最近在跑yolo,针对高分辨率的数据,目前所有的目标识别的模型精度都不高,因为传入网络后图片会被resize。我想训练一个模型用于分辨4k*8k分辨率的一个全景影像。这个脚本就是把标注的数据集横向平均切割成三个。
import os
import cv2
def slip(file_path,image_name):
image_path = os.path.join(file_path,image_name)
label_path = image_path[:-4]+'.txt'
# 读取原始图片
image = cv2.imread(image_path)
# 切割图片
height, width, _ = image.shape
segment_width = width//3
segments = []
segment_savefile_path = r'D:\22054322g\project2\segment_data'
for i in range(3):
start_x = i * segment_width
end_x = (i + 1) * segment_width
segment = image[:, start_x:end_x]
segments.append(segment)
for i,segment in enumerate(segments):
new_img_name = f'segment{i}_'+image_name
segment_save_path = os.path.join(segment_savefile_path,new_img_name)
cv2.imwrite(segment_save_path,segment)
new_labels = convert_yolo2pix(label_path,height,width)
seg_label1 = []
seg_label2 = []
seg_label3 = []
for label in new_labels:
if label['x'] > 0 and label['x']< segment_width:
label['h'] = label['h']/height
label['w'] = label['w']/segment_width
label['x'] = label['x']/segment_width
label['y'] = label['y']/height
seg_label1.append(label)
elif label['x'] > segment_width and label['x'] < 2*segment_width:
label['h'] = label['h'] / height
label['w'] = label['w'] / segment_width
label['y'] = label['y'] / height
label['x'] = (label['x']-segment_width)/segment_width
seg_label2.append(label)
elif label['x'] > 2*segment_width and label['x'] < width:
label['h'] = label['h'] / height
label['w'] = label['w'] / segment_width
label['y'] = label['y'] / height
label['x'] = (label['x'] - 2*segment_width)/segment_width
seg_label3.append(label)
seg_label1_txt = os.path.join(segment_savefile_path,'segment0_'+image_name[:-4]+'.txt')

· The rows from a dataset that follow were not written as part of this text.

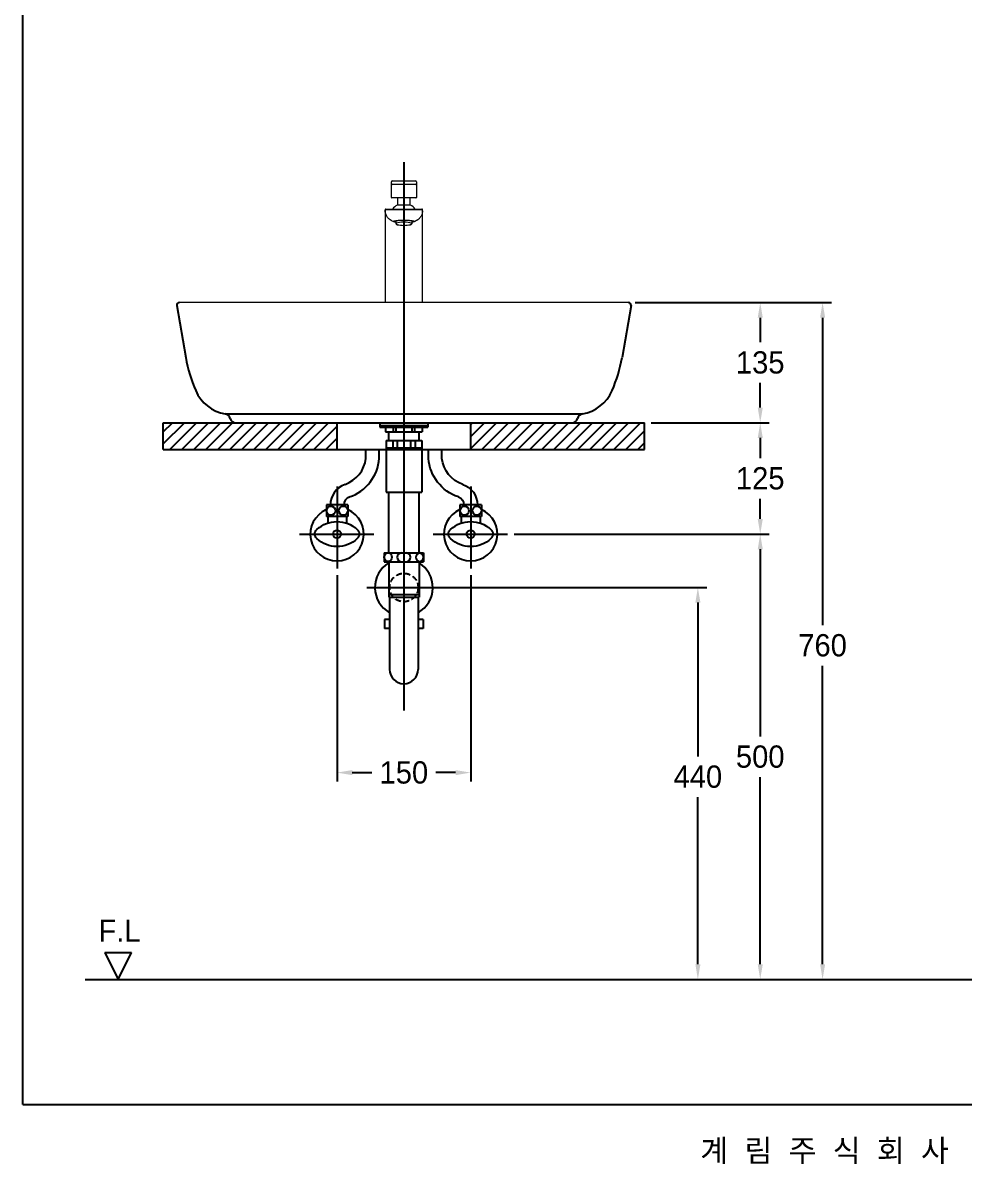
# Model space of a CAD drawing. Header units: millimetres. Extents: x 0 to 1800, y -67 to 2530.
# Drawn here: x 0 to 1057, y -67 to 1215 of the extents above; entities that cross this region are included whole.
import ezdxf
from ezdxf.enums import TextEntityAlignment as Align
from ezdxf.lldxf.tags import DXFTag

# ---------------------------------------------------------------- set-up
doc = ezdxf.new("R2010")
doc.units = ezdxf.units.MM
doc.linetypes.add('DASHED2', pattern=[9.525, 6.35, -3.175])
doc.layers.add('61', color=7, linetype='Continuous', true_color=0xffffff)
for name, color, linetype in [('TEXT', 7, 'Continuous'), ('내부선 및 부속', 4, 'Continuous'), ('도각라인', 255, 'Continuous'), ('외형선', 3, 'Continuous'), ('점선', 6, 'DASHED2'), ('중심선', 1, 'DASHED'), ('치수선', 7, 'Continuous')]:
    doc.layers.add(name, color=color, linetype=linetype)
doc.styles.add('____', font='')
doc.styles.add('타이틀', font='H2GTRM.TTF', dxfattribs={"height": 25})
doc.styles.get('____').set_extended_font_data('굴림')
tags = doc.linetypes.add('DASHDOT', pattern=[70, 31, -13, 13, -13]).pattern_tags.tags
tags[10:11] = [DXFTag(74, 4), DXFTag(75, 0), DXFTag(340, '0'), DXFTag(46, 0.0), DXFTag(50, 0.0), DXFTag(44, 0.0), DXFTag(45, 0.0)]
tags[8:9] = [DXFTag(74, 4), DXFTag(75, 0), DXFTag(340, '0'), DXFTag(46, 0.0), DXFTag(50, 0.0), DXFTag(44, 0.0), DXFTag(45, 0.0)]
tags[6:7] = [DXFTag(74, 4), DXFTag(75, 0), DXFTag(340, '0'), DXFTag(46, 0.0), DXFTag(50, 0.0), DXFTag(44, 0.0), DXFTag(45, 0.0)]
tags[4:5] = [DXFTag(74, 4), DXFTag(75, 0), DXFTag(340, '0'), DXFTag(46, 0.0), DXFTag(50, 0.0), DXFTag(44, 0.0), DXFTag(45, 0.0)]
tags = doc.linetypes.add('DASHED', pattern=[25.72, 12.86, -12.86]).pattern_tags.tags
tags[6:7] = [DXFTag(74, 4), DXFTag(75, 0), DXFTag(340, '0'), DXFTag(46, 0.0), DXFTag(50, 0.0), DXFTag(44, 0.0), DXFTag(45, 0.0)]
tags[4:5] = [DXFTag(74, 4), DXFTag(75, 0), DXFTag(340, '0'), DXFTag(46, 0.0), DXFTag(50, 0.0), DXFTag(44, 0.0), DXFTag(45, 0.0)]
doc.dimstyles.new('MSADIM', dxfattribs={"dimtxt": 33, "dimasz": 17, "dimexe": 10, "dimexo": 7.5, "dimgap": 10, "dimtad": 0, "dimtih": 1, "dimtoh": 1, "dimdec": 0, "dimzin": 1, "dimdsep": 46, "dimtxsty": '____', "dimcen": 11.25, "dimadec": 0, "dimazin": 0, "dimtfac": 1, "dimtdec": 0, "dimtix": 1, "dimtmove": 0, "dimatfit": 3, "dimfxl": 1, "dimtolj": 1, "dimtzin": 1, "dimarcsym": 0})
pattern_1 = [(45, (-1265.297, 6525.42), (-6.735192, 6.735192), [])]

# ---------------------------------------------------------------- blocks, each defined once
blk = doc.blocks.new('*D2')
at = {"layer": '치수선', "color": 0, "linetype": 'Continuous', "lineweight": -2, "transparency": 16777216}
for p, q in [((687.2, 900.6), (837.7, 900.6)), ((827.7, 883.6), (827.7, 856)), ((827.7, 782.6), (827.7, 810.3)), ((705.2, 765.6), (837.7, 765.6))]:
    blk.add_line(p, q, dxfattribs=at)
at = {"layer": '치수선', "color": 0, "linetype": 'Continuous', "transparency": 16777216}
for points in [[(824.9, 883.6), (830.6, 883.6), (827.7, 900.6)], [(824.9, 782.6), (830.6, 782.6), (827.7, 765.6)]]:
    blk.add_solid(points, dxfattribs=at)
at = {"layer": '치수선', "color": 0, "linetype": 'Continuous', "transparency": 16777216, "insert": (827.7, 833.2), "char_height": 25, "attachment_point": 5, "style": '____'}
blk.add_mtext('\\A1;135', dxfattribs=at)
blk = doc.blocks.new('*D3')
at = {"layer": '치수선', "color": 0, "linetype": 'Continuous', "lineweight": -2, "transparency": 16777216}
for p, q in [((705.2, 765.6), (837.7, 765.6)), ((827.7, 748.6), (827.7, 726)), ((827.7, 657.6), (827.7, 680.3)), ((551.6, 640.6), (837.7, 640.6))]:
    blk.add_line(p, q, dxfattribs=at)
at = {"layer": '치수선', "color": 0, "linetype": 'Continuous', "transparency": 16777216}
for points in [[(824.9, 748.6), (830.6, 748.6), (827.7, 765.6)], [(824.9, 657.6), (830.6, 657.6), (827.7, 640.6)]]:
    blk.add_solid(points, dxfattribs=at)
at = {"layer": '치수선', "color": 0, "linetype": 'Continuous', "transparency": 16777216, "insert": (827.7, 703.1), "char_height": 25, "attachment_point": 5, "style": '____'}
blk.add_mtext('\\A1;125', dxfattribs=at)
blk = doc.blocks.new('*D4')
at = {"layer": '치수선', "color": 0, "linetype": 'Continuous', "lineweight": -2, "transparency": 16777216}
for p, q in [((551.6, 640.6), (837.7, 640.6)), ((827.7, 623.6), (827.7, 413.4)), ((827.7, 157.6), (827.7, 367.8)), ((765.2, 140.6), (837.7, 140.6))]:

write_labels(seg_label1_txt,seg_label1)
seg_label2_txt = os.path.join(segment_savefile_path,'segment1_'+image_name[:-4]+'.txt')
write_labels(seg_label2_txt,seg_label2)
seg_label3_txt = os.path.join(segment_savefile_path, 'segment2_' + image_name[:-4] + '.txt')
write_labels(seg_label3_txt,seg_label3)
def write_labels(label_path,labels):
with open(label_path,'w') as file:
for label in labels:
values = ' '.join(str(value) for value in label.values())
file.write(values + '\n')
def convert_yolo2pix(label_path,height,width):
with open(label_path,'r') as f:
lines = f.readlines()
labels = []
for line in lines:
label_value = line.strip().split(' ')
class_id = int(label_value[0])
new_x = float(label_value[1]) * width
new_y = float(label_value[2]) * height
new_width = float(label_value[3]) * width
new_height =float(label_value[4]) * height
new_label = {"class_id": class_id, "x": new_x, "y": new_y, "w": new_width, "h": new_height}
labels.append(new_label)
return labels
if __name__ == '__main__':
file_path = r"D:\22054322g\project2\all data\big_img"
files = os.listdir(file_path)
for file in files:
if file.endswith(('.jpg','.png')):
img_name = file
slip(file_path,img_name)
具体就是先把图片切成3份,再切label。把yolo的标签还原成像素点坐标,然后根据像素点坐标判断这个目标是在这三块区域中的哪一块。写入对应的label就行
只需要修改main方法中的file_path和slip方法中的segment_savefile_path即可,这里默认图片和标签在一个路径下,输出也是图片和标签在同一个文件夹中
可以用labelimg验证一下,记得输出的文件夹里要放classes文件,不然labelimg不能读取标签。